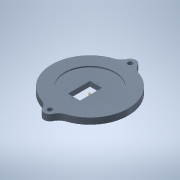
# Autodesk Inventor part: Onderste plaat bevestiging axiale lager
Saved by Autodesk Inventor 2021 (Build 250183000, 183)
## iProperties
Manager: Pierloot J.
Company: Emmaüs Bovenbouw Aalter
Created: 2015-08-18
Part Number: Onderste plaat bevestiging axiale lager
Material: S235
Catalog Web Link: http://emmausbovenbouw.op-weg.be/
Vendor: Emmaüsinstituut Bovenbouw Aalter
Document SubType Name: Modeling
Designer: Pierlootj
Engineer: Pierloot J.
Manufacturer: Standard
Standards Organization: Custom
Density: 7.86 g/cm^3
Appearance: Steel Blue
Title: Algemene titel
Subject: Specifieke titel
Author: Pierlootj
Keywords: Ruwe Ø xxxxx
Comments: Opmerking
Autodesk Inventor part; units mm, degrees
ref_plane "YZ Plane" through (0, 0, 0) normal (1, 0, 0) x (0, 1, 0)
ref_plane "XZ Plane" through (0, 0, 0) normal (0, 1, 0) x (-1, 0, 0)
ref_plane "XY Plane" through (0, 0, 0) normal (0, 0, 1) x (1, 0, 0)
sketch "Sketch2" plane through (0, 0, 0) normal (0, 0, 1) x (1, 0, 0)
  line L0 (0, 0) -> (0, 6)
  line L1 (0, 6) -> (-6, 6)
  line L2 (-6, 6) -> (6, 6)
  line L3 (6, 6) -> (6, -16.5)
  line L4 (6, -16.5) -> (-6, -16.5)
  line L5 (-6, -16.5) -> (-6, 6)
  circle A0 centre (0, 0) radius 40
  line L6 (6.3, 6.3) -> (-6.3, 6.3)
  line L7 (-6.3, 6.3) -> (-6.3, -16.8)
  line L8 (-6.3, -16.8) -> (6.3, -16.8)
  line L9 (6.3, -16.8) -> (6.3, 6.3)
  dimension "d15" = 6
  dimension "d16" = 6
  dimension "d17" = 12
  dimension "d18" = 22.5
  dimension "d19" = 80
  dimension "d20" = 0.3
  constraints: 20 end point, 4 parallel, 3 perpendicular, 1 centre point, 1 coincident, 1 horizontal, 1 vertical, 3 other
  measures "d15" distance of L0.start L0.end
  measures "d16" distance of L0.end L1.end
  measures "d17" distance of L3.end L4.end
  measures "d18" distance of L2.end L3.end
  measures "d19" diameter of A0
  measures "d20" distance between parallel lines of L2 L6
extrude "Extrusion4" add sketch "Sketch2" along normal blind 6.5 contours A0
sketch "Sketch3" plane through (0, 0, 6.5) normal (0, 0, 1) x (1, 0, 0)
  line L0 (-6.3, 6.3) -> (6.3, 6.3) projected
  line L1 (0, 6.3) -> (0, 8.25)
  circle A0 centre (0, 8.25) radius 0.5
  line L2 (6.3, -16.8) -> (-6.3, -16.8) projected
  line L3 (0, -16.8) -> (0, -18.75)
  circle A1 centre (0, -18.75) radius 0.5
  point P0 (0, 0)
  dimension "d23" = 1.95
  dimension "d24" = 1
  dimension "d25" = 1.95
  dimension "d26" = 1
  constraints: 4 end point, 2 centre point, 2 coincident, 2 midpoint, 2 vertical
  measures "d23" distance of L1.start L1.end
  measures "d24" diameter of A0
  measures "d25" distance of L3.start L3.end
  measures "d26" diameter of A1
extrude "Extrusion5" cut sketch "Sketch3" against normal blind 5.5
sketch "Sketch5" plane through (0, 0, 6.5) normal (0, 0, 1) x (1, 0, 0)
  circle A0 centre (0, 0) radius 40 projected
sketch "Sketch6" plane through (0, 0, 6.5) normal (0, 0, 1) x (1, 0, 0)
  line L0 (0, 0) -> (0, -42)
  line L1 (0, -42) -> (0, 42)
  circle A0 centre (0, 42) radius 2.5
  circle A1 centre (0, 42) radius 6
  circle A2 centre (0, -42) radius 2.5
  circle A3 centre (0, -42) radius 6
  dimension "d46" = 42
  dimension "d47" = 84
  dimension "d48" = 5
  dimension "d49" = 12
  dimension "d50" = 5
  dimension "d51" = 12
  constraints: 4 centre point, 4 coincident, 4 end point, 1 point on line, 1 vertical
  measures "d46" distance of L0.start L0.end
  measures "d47" distance of L0.end L1.end
  measures "d48" diameter of A0
  measures "d49" diameter of A1
  measures "d50" diameter of A2
  measures "d51" diameter of A3
extrude "Extrusion9" add sketch "Sketch6" against normal blind 6.5 contours A0 | A1 | A2 | A3
extrude "Extrusion10" cut sketch "Sketch6" against normal blind 6.5 contours A0 | A2
fillet "Fillet2" radius 12 4 edges at (-5.5074, -39.619, 3.25) (5.5074, -39.619, 3.25) (-5.5074, 39.619, 3.25) (5.5074, 39.619, 3.25)
sketch "Sketch8" plane through (0, 0, 6.5) normal (0, 0, 1) x (1, 0, 0)
  circle A0 centre (0, 0) radius 26.3
  dimension "d58" = 52.6
  constraints: 1 centre point, 1 coincident
  measures "d58" diameter of A0
extrude "Extrusion11" cut sketch "Sketch8" against normal blind 1.3
body "Solid4"
*****
TASK - Would you write out all of the data exactly as it stands, without the pictures?

REPLY -
# Autodesk Inventor part: Onderste plaat bevestiging axiale lager
Saved by Autodesk Inventor 2021 (Build 250183000, 183)
## iProperties
Manager: Pierloot J.
Company: Emmaüs Bovenbouw Aalter
Created: 2015-08-18
Part Number: Onderste plaat bevestiging axiale lager
Material: S235
Catalog Web Link: http://emmausbovenbouw.op-weg.be/
Vendor: Emmaüsinstituut Bovenbouw Aalter
Document SubType Name: Modeling
Designer: Pierlootj
Engineer: Pierloot J.
Manufacturer: Standard
Standards Organization: Custom
Density: 7.86 g/cm^3
Appearance: Steel Blue
Title: Algemene titel
Subject: Specifieke titel
Author: Pierlootj
Keywords: Ruwe Ø xxxxx
Comments: Opmerking
Autodesk Inventor part; units mm, degrees
ref_plane "YZ Plane" through (0, 0, 0) normal (1, 0, 0) x (0, 1, 0)
ref_plane "XZ Plane" through (0, 0, 0) normal (0, 1, 0) x (-1, 0, 0)
ref_plane "XY Plane" through (0, 0, 0) normal (0, 0, 1) x (1, 0, 0)
sketch "Sketch2" plane through (0, 0, 0) normal (0, 0, 1) x (1, 0, 0)
  line L0 (0, 0) -> (0, 6)
  line L1 (0, 6) -> (-6, 6)
  line L2 (-6, 6) -> (6, 6)
  line L3 (6, 6) -> (6, -16.5)
  line L4 (6, -16.5) -> (-6, -16.5)
  line L5 (-6, -16.5) -> (-6, 6)
  circle A0 centre (0, 0) radius 40
  line L6 (6.3, 6.3) -> (-6.3, 6.3)
  line L7 (-6.3, 6.3) -> (-6.3, -16.8)
  line L8 (-6.3, -16.8) -> (6.3, -16.8)
  line L9 (6.3, -16.8) -> (6.3, 6.3)
  dimension "d15" = 6
  dimension "d16" = 6
  dimension "d17" = 12
  dimension "d18" = 22.5
  dimension "d19" = 80
  dimension "d20" = 0.3
  constraints: 20 end point, 4 parallel, 3 perpendicular, 1 centre point, 1 coincident, 1 horizontal, 1 vertical, 3 other
  measures "d15" distance of L0.start L0.end
  measures "d16" distance of L0.end L1.end
  measures "d17" distance of L3.end L4.end
  measures "d18" distance of L2.end L3.end
  measures "d19" diameter of A0
  measures "d20" distance between parallel lines of L2 L6
extrude "Extrusion4" add sketch "Sketch2" along normal blind 6.5 contours A0
sketch "Sketch3" plane through (0, 0, 6.5) normal (0, 0, 1) x (1, 0, 0)
  line L0 (-6.3, 6.3) -> (6.3, 6.3) projected
  line L1 (0, 6.3) -> (0, 8.25)
  circle A0 centre (0, 8.25) radius 0.5
  line L2 (6.3, -16.8) -> (-6.3, -16.8) projected
  line L3 (0, -16.8) -> (0, -18.75)
  circle A1 centre (0, -18.75) radius 0.5
  point P0 (0, 0)
  dimension "d23" = 1.95
  dimension "d24" = 1
  dimension "d25" = 1.95
  dimension "d26" = 1
  constraints: 4 end point, 2 centre point, 2 coincident, 2 midpoint, 2 vertical
  measures "d23" distance of L1.start L1.end
  measures "d24" diameter of A0
  measures "d25" distance of L3.start L3.end
  measures "d26" diameter of A1
extrude "Extrusion5" cut sketch "Sketch3" against normal blind 5.5
sketch "Sketch5" plane through (0, 0, 6.5) normal (0, 0, 1) x (1, 0, 0)
  circle A0 centre (0, 0) radius 40 projected
sketch "Sketch6" plane through (0, 0, 6.5) normal (0, 0, 1) x (1, 0, 0)
  line L0 (0, 0) -> (0, -42)
  line L1 (0, -42) -> (0, 42)
  circle A0 centre (0, 42) radius 2.5
  circle A1 centre (0, 42) radius 6
  circle A2 centre (0, -42) radius 2.5
  circle A3 centre (0, -42) radius 6
  dimension "d46" = 42
  dimension "d47" = 84
  dimension "d48" = 5
  dimension "d49" = 12
  dimension "d50" = 5
  dimension "d51" = 12
  constraints: 4 centre point, 4 coincident, 4 end point, 1 point on line, 1 vertical
  measures "d46" distance of L0.start L0.end
  measures "d47" distance of L0.end L1.end
  measures "d48" diameter of A0
  measures "d49" diameter of A1
  measures "d50" diameter of A2
  measures "d51" diameter of A3
extrude "Extrusion9" add sketch "Sketch6" against normal blind 6.5 contours A0 | A1 | A2 | A3
extrude "Extrusion10" cut sketch "Sketch6" against normal blind 6.5 contours A0 | A2
fillet "Fillet2" radius 12 4 edges at (-5.5074, -39.619, 3.25) (5.5074, -39.619, 3.25) (-5.5074, 39.619, 3.25) (5.5074, 39.619, 3.25)
sketch "Sketch8" plane through (0, 0, 6.5) normal (0, 0, 1) x (1, 0, 0)
  circle A0 centre (0, 0) radius 26.3
  dimension "d58" = 52.6
  constraints: 1 centre point, 1 coincident
  measures "d58" diameter of A0
extrude "Extrusion11" cut sketch "Sketch8" against normal blind 1.3
body "Solid4"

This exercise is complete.